During the election of 1796, the Federalists celebrated Washington’s achievements, and Republicans invoked the egalitarian principles of the Declaration of Independence.

Federalists elected John Adams as president, and he continued Hamilton’s pro British foreign policy.

Responding to the XYZ Affair, the Federalists controlled Congress, cut off trade with France, and authorized American privateers to seize French ships, which extended party conflict begun over Hamilton’s economic policies to foreign affairs.

Constitutional Crisis, 1798–1800

To silence its critics, Federalists enacted a series of coercive measures—the Naturalization Act, the Alien Act, and the Sedition Act—which created a constitutional crisis.

Republicans charged that the Sedition Act violated the First Amendment’s prohibition against abridging the freedom of speech or of the press.

At Republicans’ urging, the Kentucky and Virginia legislatures declared the Alien and Sedition Acts to be void, resolutions that set forth a “states’ rights” interpretation of the Constitution.

Republicans strongly supported Jefferson’s bid for the 1800 presidency.

Adams rejected the advice of Federalists to declare war on France and instead negotiated an end to the fighting.

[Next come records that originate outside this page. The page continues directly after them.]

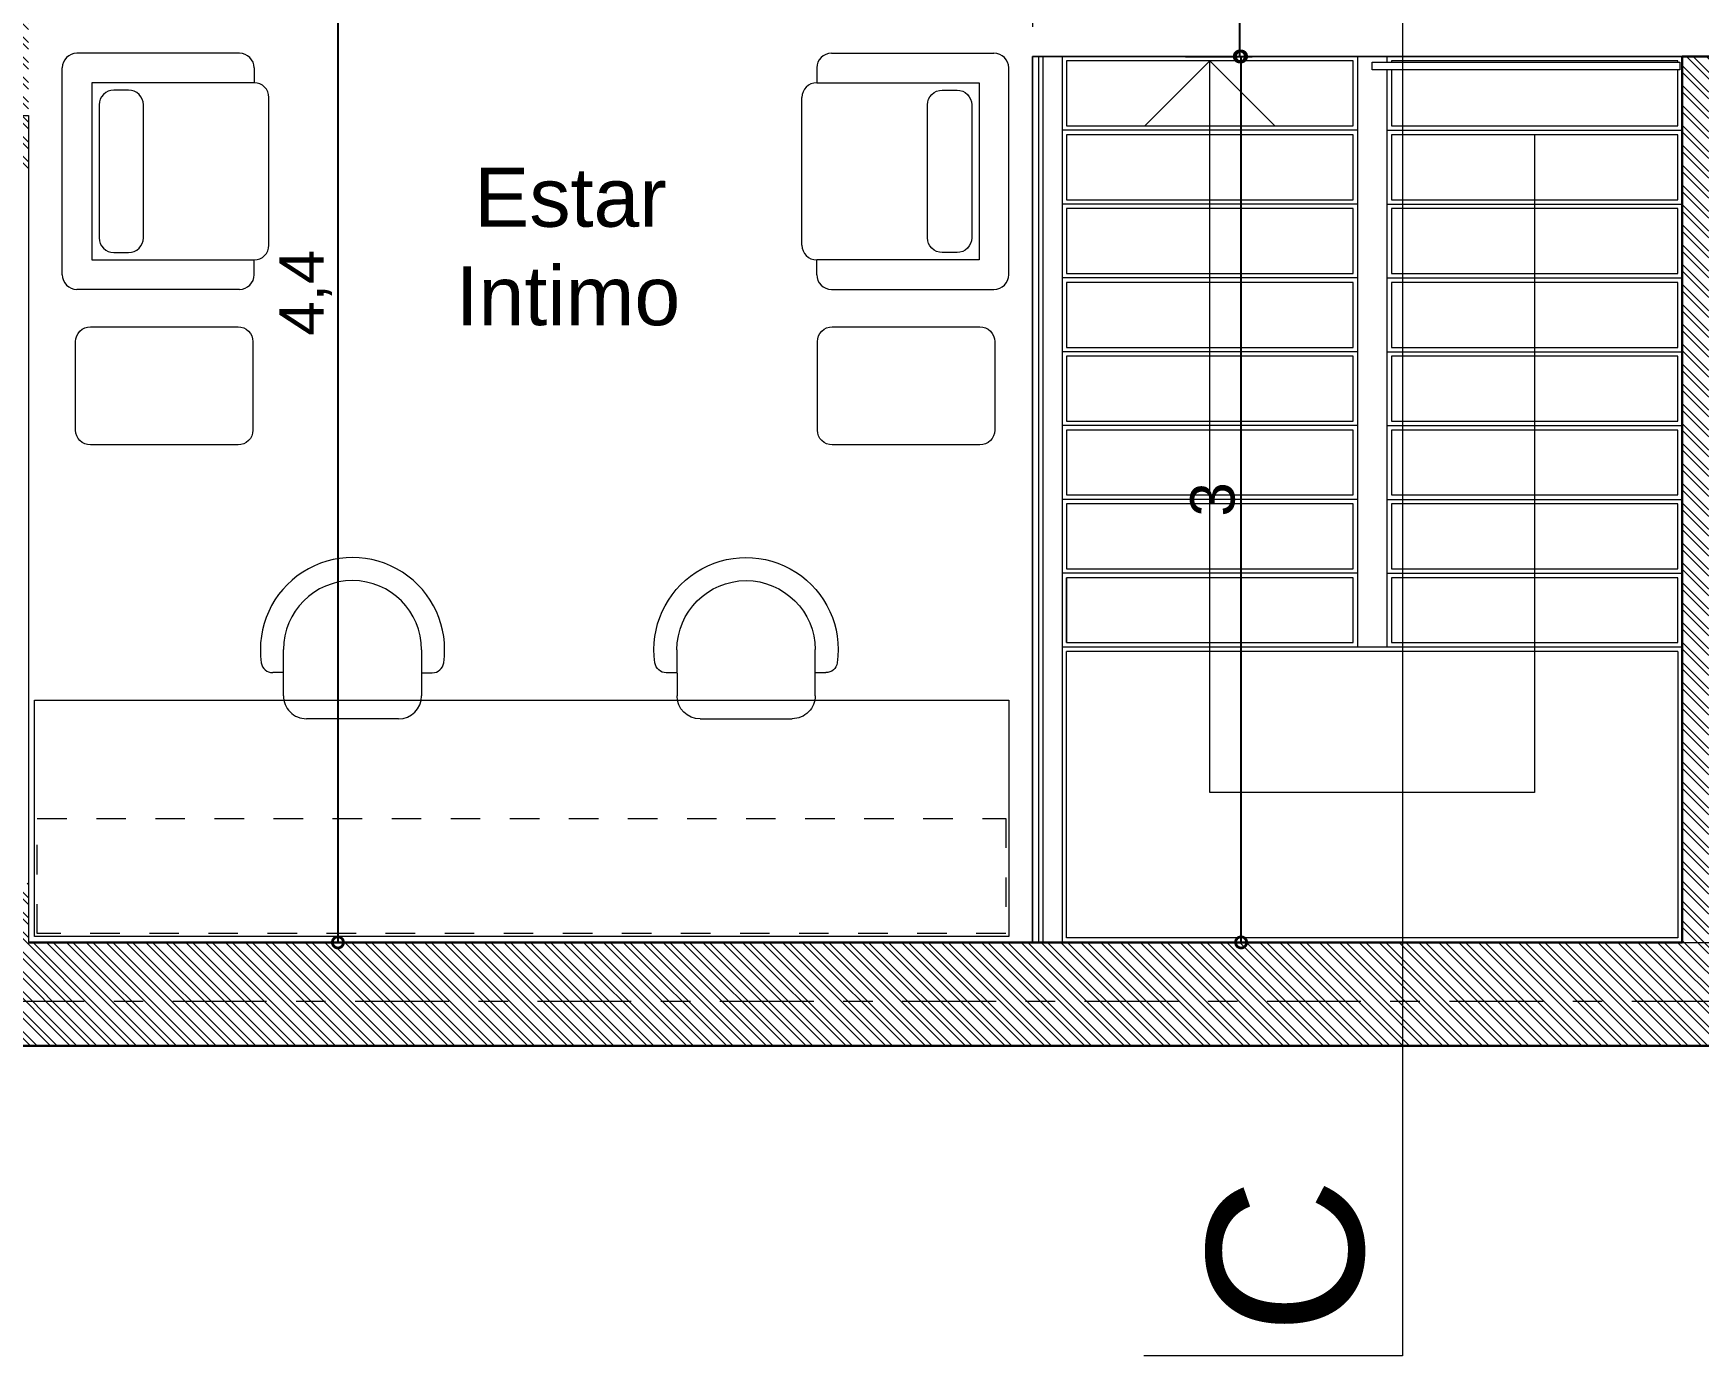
# Model space of a CAD drawing. Header units: millimetres. Extents: x 2502.5 to 2587.5, y 1451 to 1547.9.
# Drawn here: x 2516.98 to 2522.62, y 1500.89 to 1505.37 of the extents above; entities that cross this region are included whole.
import ezdxf

# ---------------------------------------------------------------- set-up
doc = ezdxf.new("R2010")
doc.units = ezdxf.units.MM
doc.linetypes.add('CENTER', pattern=[50.8, 31.75, -6.35, 6.35, -6.35])
doc.linetypes.add('JIS_02_0.7', pattern=[1.35, 0.75, -0.6])
for name, color, linetype, lineweight in [('0.09', 6, 'Continuous', 9), ('0.15', 6, 'Continuous', 15), ('02_CIVIL_EXIST', 250, 'Continuous', 30), ('07_CIVIL VISTAS MEDIA', 143, 'Continuous', 9), ('08_CIVIL VISTAS FINO', 253, 'Continuous', 5), ('09_CIVIL PROYECCIONES', 230, 'JIS_02_0.7', 5), ('10_CIVIL EJES', 230, 'CENTER', 15), ('11_CARPINTERIA Y MOBILIARIO', 141, 'Continuous', 9), ('12_TEXTOS', 150, 'Continuous', 20), ('13_COTAS', 8, 'Continuous', 9)]:
    doc.layers.add(name, color=color, linetype=linetype, lineweight=lineweight)
doc.styles.add('Swis721 BT', font='swiss.ttf')
doc.dimstyles.new('ISO-23', dxfattribs={"dimscale": 0.03, "dimtxt": 5, "dimasz": 2.5, "dimexe": 1.25, "dimexo": 0.625, "dimtad": 1, "dimtxsty": 'Swis721 BT', "dimblk": 'DOTSMALL', "dimcen": 2.5, "dimclrt": 150, "dimadec": 0, "dimazin": 0, "dimtfac": 1, "dimtmove": 0, "dimatfit": 3, "dimfxl": 0, "dimarcsym": 0})

# ---------------------------------------------------------------- blocks, each defined once
blk = doc.blocks.new('Silloncito')
at = {"layer": '11_CARPINTERIA Y MOBILIARIO'}
for p, q in [((481.5998, 641.3206), (481.6, 641.5156)), ((482.185, 641.5151), (482.1848, 641.3201)), ((481.5999, 641.4181), (481.5547, 641.4181)), ((482.1849, 641.4176), (482.2302, 641.4175)), ((482.0873, 641.2226), (481.6973, 641.223))]:
    blk.add_line(p, q, dxfattribs=at)
for centre, radius, start, end in [((481.8925, 641.5153), 0.39, 351.73671, 188.16313), ((481.8925, 641.5153), 0.2925, 359.94992, 179.94992), ((481.5547, 641.4669), 0.0488, 188.16313, 269.94992), ((482.2302, 641.4663), 0.0488, 269.94992, 351.73671), ((481.6973, 641.3205), 0.0975, 179.94992, 269.94992), ((482.0873, 641.3201), 0.0975, 269.94992, 359.94992)]:
    blk.add_arc(centre, radius, start, end, dxfattribs=at)
blk = doc.blocks.new('_DotSmall')
at = {"color": 0, "linetype": 'ByBlock', "const_width": 0.5}
blk.add_lwpolyline([(-0.0625, 0, 1), (0.0625, 0, 1)], format="xyb", close=True, dxfattribs=at)
blk = doc.blocks.new('*D195')
at = {"layer": '13_COTAS', "color": 0, "lineweight": -2}
for p, q in [((2518.0101, 1506.6944), (2518.0101, 1502.2944)), ((2518.0289, 1506.6944), (2518.0476, 1506.6944)), ((2518.0289, 1502.2944), (2518.0476, 1502.2944))]:
    blk.add_line(p, q, dxfattribs=at)
at = {"layer": 'Defpoints', "color": 0}
for p in [(2518.0101, 1506.6944), (2518.0101, 1502.2944), (2518.0101, 1502.2944)]:
    blk.add_point(p, dxfattribs=at)
at = {"layer": '13_COTAS', "color": 0, "lineweight": -2, "xscale": 0.075, "yscale": 0.075, "zscale": 0.075}
for p, rotation in [((2518.0101, 1506.6944), 90), ((2518.0101, 1502.2944), 270)]:
    blk.add_blockref('_DotSmall', p, dxfattribs=dict(at, rotation=rotation))
at = {"layer": '13_COTAS', "color": 150, "insert": (2517.901, 1504.4944), "char_height": 0.15, "attachment_point": 5, "rotation": 90, "style": 'Swis721 BT'}
blk.add_mtext('4,4', dxfattribs=at)
blk = doc.blocks.new('*D80')
at = {"layer": '13_COTAS', "color": 0, "lineweight": -2}
for p, q in [((2520.8797, 1505.2944), (2521.1058, 1505.2944)), ((2521.0683, 1502.2944), (2521.0683, 1505.2944)), ((2520.8797, 1502.2944), (2521.1058, 1502.2944))]:
    blk.add_line(p, q, dxfattribs=at)
at = {"layer": 'Defpoints', "color": 0}
for p in [(2520.861, 1505.2944), (2521.0683, 1505.2944), (2520.861, 1502.2944)]:
    blk.add_point(p, dxfattribs=at)
at = {"layer": '13_COTAS', "color": 0, "lineweight": -2, "xscale": 0.075, "yscale": 0.075, "zscale": 0.075}
for p, rotation in [((2521.0683, 1505.2944), 90), ((2521.0683, 1502.2944), 270)]:
    blk.add_blockref('_DotSmall', p, dxfattribs=dict(at, rotation=rotation))
at = {"layer": '13_COTAS', "color": 150, "insert": (2520.9724, 1503.7944), "char_height": 0.15, "attachment_point": 5, "rotation": 90, "style": 'Swis721 BT'}
blk.add_mtext('3', dxfattribs=at)
blk = doc.blocks.new('*D81')
at = {"layer": '13_COTAS', "color": 0, "lineweight": -2}
for p, q in [((2520.581, 1506.6944), (2521.1011, 1506.6944)), ((2521.0636, 1505.2944), (2521.0636, 1506.6944)), ((2520.9102, 1505.2944), (2521.1011, 1505.2944))]:
    blk.add_line(p, q, dxfattribs=at)
at = {"layer": 'Defpoints', "color": 0}
for p in [(2520.5623, 1506.6944), (2521.0636, 1506.6944), (2520.8915, 1505.2944)]:
    blk.add_point(p, dxfattribs=at)
at = {"layer": '13_COTAS', "color": 0, "lineweight": -2, "xscale": 0.075, "yscale": 0.075, "zscale": 0.075}
for p, rotation in [((2521.0636, 1506.6944), 90), ((2521.0636, 1505.2944), 270)]:
    blk.add_blockref('_DotSmall', p, dxfattribs=dict(at, rotation=rotation))
at = {"layer": '13_COTAS', "color": 150, "insert": (2520.9544, 1505.9944), "char_height": 0.15, "attachment_point": 5, "rotation": 90, "style": 'Swis721 BT'}
blk.add_mtext('1,4', dxfattribs=at)
blk = doc.blocks.new('*D212')
at = {"layer": '13_COTAS', "color": 0, "lineweight": -2}
for p, q in [((2522.5623, 1505.702), (2522.5623, 1505.6164)), ((2522.7623, 1505.3132), (2522.7623, 1505.6914)), ((2522.5623, 1505.6539), (2522.7623, 1505.6539))]:
    blk.add_line(p, q, dxfattribs=at)
at = {"layer": 'Defpoints', "color": 0}
for p in [(2522.5623, 1505.7208), (2522.7623, 1505.6539), (2522.7623, 1505.2944)]:
    blk.add_point(p, dxfattribs=at)
at = {"layer": '13_COTAS', "color": 0, "lineweight": -2, "xscale": 0.075, "yscale": 0.075, "zscale": 0.075, "rotation": 180}
blk.add_blockref('_DotSmall', (2522.5623, 1505.6539), dxfattribs=at)
at = {"layer": '13_COTAS', "color": 0, "lineweight": -2, "xscale": 0.075, "yscale": 0.075, "zscale": 0.075}
blk.add_blockref('_DotSmall', (2522.7623, 1505.6539), dxfattribs=at)
at = {"layer": '13_COTAS', "color": 150, "insert": (2522.6623, 1505.7269), "char_height": 0.09, "attachment_point": 5, "style": 'Swis721 BT'}
blk.add_mtext('0,2', dxfattribs=at)
blk = doc.blocks.new('silueta')
at = {"layer": '0.09', "color": 3}
for points in [[(2455.9998, 1541.2666), (2484.7998, 1541.2666), (2484.7998, 1540.7166), (2484.9498, 1540.7166), (2484.9498, 1536.4166), (2477.8998, 1536.4166), (2477.6998, 1536.4166), (2477.6998, 1530.5166), (2477.8998, 1530.5166), (2477.8998, 1530.1166), (2477.6998, 1530.1166), (2477.6998, 1529.9666), (2455.9998, 1529.9666)], [(2472.9998, 1537.5666), (2472.9998, 1534.7166), (2465.3998, 1534.7166), (2465.3998, 1533.1166), (2467.3998, 1533.1166), (2467.3998, 1530.3166), (2477.3998, 1530.3166), (2477.3998, 1536.7166), (2484.6498, 1536.7166), (2484.6498, 1540.1166)]]:
    blk.add_lwpolyline(points, dxfattribs=at)
blk.add_lwpolyline([(2470.7998, 1533.3166), (2472.9998, 1533.3166), (2472.9998, 1530.3166), (2470.7998, 1530.3166)], close=True, dxfattribs=at)

msp = doc.modelspace()

# ---------------------------------------------------------------- hatches: boundary and pattern name
at = {"layer": '0.09'}
h = msp.add_hatch(dxfattribs=at)
h.set_pattern_fill('ANSI32', color=18, scale=0.005, angle=-90)
h.set_pattern_definition([(315, (2, 0), (0.03367596045, 0.03367596045), []), (315, (2, -0.02245), (0.03367596045, 0.03367596045), [])])
h.paths.add_polyline_path([(2527.2623, 1502.0944), (2521.615, 1502.0944), (2521.615, 1501.9444), (2527.2623, 1501.9444)])
h.paths.add_polyline_path([(2514.9623, 1512.8944), (2518.7623, 1512.8944), (2518.7623, 1510.5801), (2518.9623, 1510.5801), (2518.9623, 1512.8944), (2520.9623, 1512.8944), (2520.9623, 1513.0944), (2513.8623, 1513.0944), (2513.8623, 1512.6944), (2514.6623, 1512.6944), (2514.6623, 1511.6944), (2514.9623, 1511.6944)])
h.paths.add_polyline_path([(2520.9623, 1513.2444), (2514.6623, 1513.2444), (2514.6623, 1513.0944), (2520.9623, 1513.0944)])
h.paths.add_polyline_path([(2527.2623, 1513.2444), (2522.9623, 1513.2444), (2522.9623, 1513.0944), (2527.2623, 1513.0944)])
h.paths.add_polyline_path([(2528.0623, 1513.0944), (2527.2623, 1513.0944), (2522.9623, 1513.0944), (2522.9623, 1512.8944), (2522.9623, 1510.5801), (2523.1623, 1510.5801), (2523.1623, 1512.8944), (2526.9623, 1512.8944), (2526.9623, 1511.6944), (2527.0123, 1511.6944), (2527.0623, 1511.6944), (2527.2623, 1511.6944), (2527.2623, 1512.6944), (2528.0623, 1512.6944)])
h.paths.add_polyline_path([(2523.1623, 1510.5801), (2522.9623, 1510.5801), (2522.9623, 1510.2944), (2522.5623, 1510.2944), (2522.5623, 1510.0944), (2523.7623, 1510.0944), (2523.7623, 1510.1944), (2523.1623, 1510.1944)])
h.paths.add_polyline_path([(2521.5623, 1510.2944), (2520.3623, 1510.2944), (2520.3623, 1510.0944), (2521.5623, 1510.0944)])
h.paths.add_polyline_path([(2519.5623, 1510.2944), (2518.9623, 1510.2944), (2518.9623, 1510.5801), (2518.7623, 1510.5801), (2518.7623, 1510.1944), (2518.1623, 1510.1944), (2518.1623, 1510.0944), (2519.5623, 1510.0944)])
h.paths.add_polyline_path([(2527.2623, 1509.3944), (2526.9623, 1509.3944), (2526.9623, 1509.2944), (2522.5623, 1509.2944), (2522.5623, 1506.2338), (2523.6623, 1506.2338), (2523.6623, 1506.2444), (2522.7123, 1506.2444), (2522.7123, 1509.1444), (2524.5123, 1509.1444), (2524.5123, 1506.2444), (2524.4623, 1506.2444), (2524.4623, 1506.2338), (2524.9623, 1506.2338), (2524.9623, 1506.2444), (2524.6123, 1506.2444), (2524.6123, 1507.6444), (2524.9123, 1507.6444), (2524.9123, 1507.7444), (2524.6123, 1507.7444), (2524.6123, 1509.1444), (2525.6123, 1509.1444), (2525.6123, 1507.6444), (2525.7123, 1507.6444), (2525.7123, 1509.1444), (2526.9623, 1509.1444), (2526.9623, 1508.3944), (2527.2623, 1508.3944)])
h.paths.add_polyline_path([(2525.7076, 1508.4035), (2525.7075, 1508.3408), (2525.6992, 1508.3408), (2525.6992, 1508.4035, -1)], flags=16)
h.paths.add_polyline_path([(2525.6253, 1508.4035), (2525.6254, 1508.3408), (2525.617, 1508.3408), (2525.617, 1508.4035, -1)], flags=16)
h.paths.add_polyline_path([(2523.4088, 1509.2768), (2523.3283, 1509.2768), (2523.3283, 1509.2875), (2523.4088, 1509.2875, -1)], flags=16)
h.paths.add_polyline_path([(2527.2623, 1507.7444), (2526.4123, 1507.7444), (2526.4123, 1507.7182), (2526.4123, 1507.6444), (2526.9623, 1507.6444), (2526.9623, 1506.2444), (2525.7623, 1506.2444), (2525.7623, 1506.2338), (2527.2623, 1506.2338)], flags=17)
h.paths.add_polyline_path([(2527.2623, 1506.2338), (2525.7623, 1506.2338), (2525.7623, 1506.2108), (2525.7623, 1506.0944), (2527.2623, 1506.0944)])
h.paths.add_polyline_path([(2524.9623, 1506.2338), (2524.4623, 1506.2338), (2524.4623, 1506.2108), (2524.4623, 1506.0944), (2524.9623, 1506.0944)])
h.paths.add_polyline_path([(2523.6623, 1506.2338), (2522.5623, 1506.2338), (2522.5623, 1506.0944), (2523.6623, 1506.0944)])
h.paths.add_polyline_path([(2523.3783, 1506.1121), (2523.4588, 1506.1121, -1), (2523.4588, 1506.1013), (2523.3783, 1506.1013)], flags=16)
h.paths.add_polyline_path([(2528.0623, 1502.4944), (2527.2623, 1502.4944), (2527.2623, 1503.0444), (2526.9623, 1503.0444), (2526.9623, 1502.2944), (2522.7623, 1502.2944), (2522.7623, 1505.2944), (2522.5623, 1505.2944), (2522.5623, 1502.2944), (2521.615, 1502.2944), (2521.615, 1502.0944), (2528.0623, 1502.0944)])
h.paths.add_polyline_path([(2521.615, 1502.2944), (2516.9623, 1502.2944), (2516.9623, 1502.4944), (2516.6623, 1502.4944), (2514.6623, 1502.4944), (2513.8623, 1502.4944), (2513.8623, 1502.0944), (2514.6623, 1502.0944), (2521.615, 1502.0944)])
h.paths.add_polyline_path([(2521.615, 1502.0944), (2514.6623, 1502.0944), (2514.6623, 1501.9444), (2521.615, 1501.9444)])
h.paths.add_polyline_path([(2516.9623, 1505.1944), (2516.9623, 1505.8944), (2516.9274, 1505.8944), (2516.8623, 1505.8944), (2516.8623, 1505.0944), (2514.9623, 1505.0944), (2514.9623, 1505.4944), (2514.6623, 1505.4944), (2514.6623, 1504.8944), (2514.9623, 1504.8944), (2516.6623, 1504.8944), (2516.9623, 1504.8944)])
h.paths.add_polyline_path([(2519.4996, 1508.6645), (2519.4996, 1507.3622), (2519.933, 1507.3622), (2519.933, 1508.6645)], flags=9)
h.paths.add_polyline_path([(2517.3471, 1509.1069), (2517.3471, 1508.3521), (2517.7804, 1508.3521), (2517.7804, 1509.1069)], flags=9)

# ---------------------------------------------------------------- linework, layer by layer
for p, q in [((2522.5623, 1505.2944), (2520.3623, 1505.2944)), ((2520.3623, 1505.2944), (2520.3623, 1502.2944)), ((2520.3823, 1505.2944), (2520.3823, 1502.2944)), ((2520.3973, 1505.2944), (2520.3973, 1502.2944)), ((2521.4623, 1505.2944), (2520.4623, 1505.2944)), ((2520.4623, 1505.2944), (2520.4623, 1502.2944)), ((2521.4623, 1505.2944), (2521.4623, 1503.2944)), ((2521.4623, 1505.2944), (2522.5623, 1505.2944)), ((2521.4623, 1505.0444), (2520.4623, 1505.0444)), ((2521.4623, 1504.7944), (2520.4623, 1504.7944)), ((2521.4623, 1504.5444), (2520.4623, 1504.5444)), ((2521.4623, 1504.2944), (2520.4623, 1504.2944)), ((2521.4623, 1504.0444), (2520.4623, 1504.0444)), ((2521.4623, 1503.7944), (2520.4623, 1503.7944)), ((2521.4623, 1503.5444), (2520.4623, 1503.5444)), ((2520.4773, 1503.3094), (2520.4773, 1503.5294)), ((2521.4623, 1503.2944), (2520.4623, 1503.2944)), ((2520.4773, 1502.3094), (2520.4773, 1503.2794)), ((2521.4623, 1503.2794), (2520.4773, 1503.2794)), ((2522.5623, 1503.2944), (2521.4623, 1503.2944)), ((2522.5473, 1503.2794), (2521.4623, 1503.2794)), ((2522.5473, 1503.2794), (2522.5473, 1502.3094)), ((2522.5473, 1502.3094), (2520.4773, 1502.3094))]:
    msp.add_line(p, q, dxfattribs=at)
for points in [[(2521.4473, 1505.0594), (2521.4473, 1505.2794), (2520.4773, 1505.2794), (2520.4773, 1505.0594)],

Jefferson won a narrow 73 to 65 victory in the electoral college, but Republicans also gave 73 votes to Aaron Burr, sending the election to the House of Representatives.

Federalists in the House blocked Jefferson’s election until Hamilton, declaring Burr “unfit” for the presidency, persuaded key Federalists to vote for Jefferson.

The bloodless transfer of power demonstrated that governments elected by the people could be changed in an orderly way, even amidst bitter partisan conflict and foreign crisis. It was therefore termed by Jefferson the “Revolution of 1800.”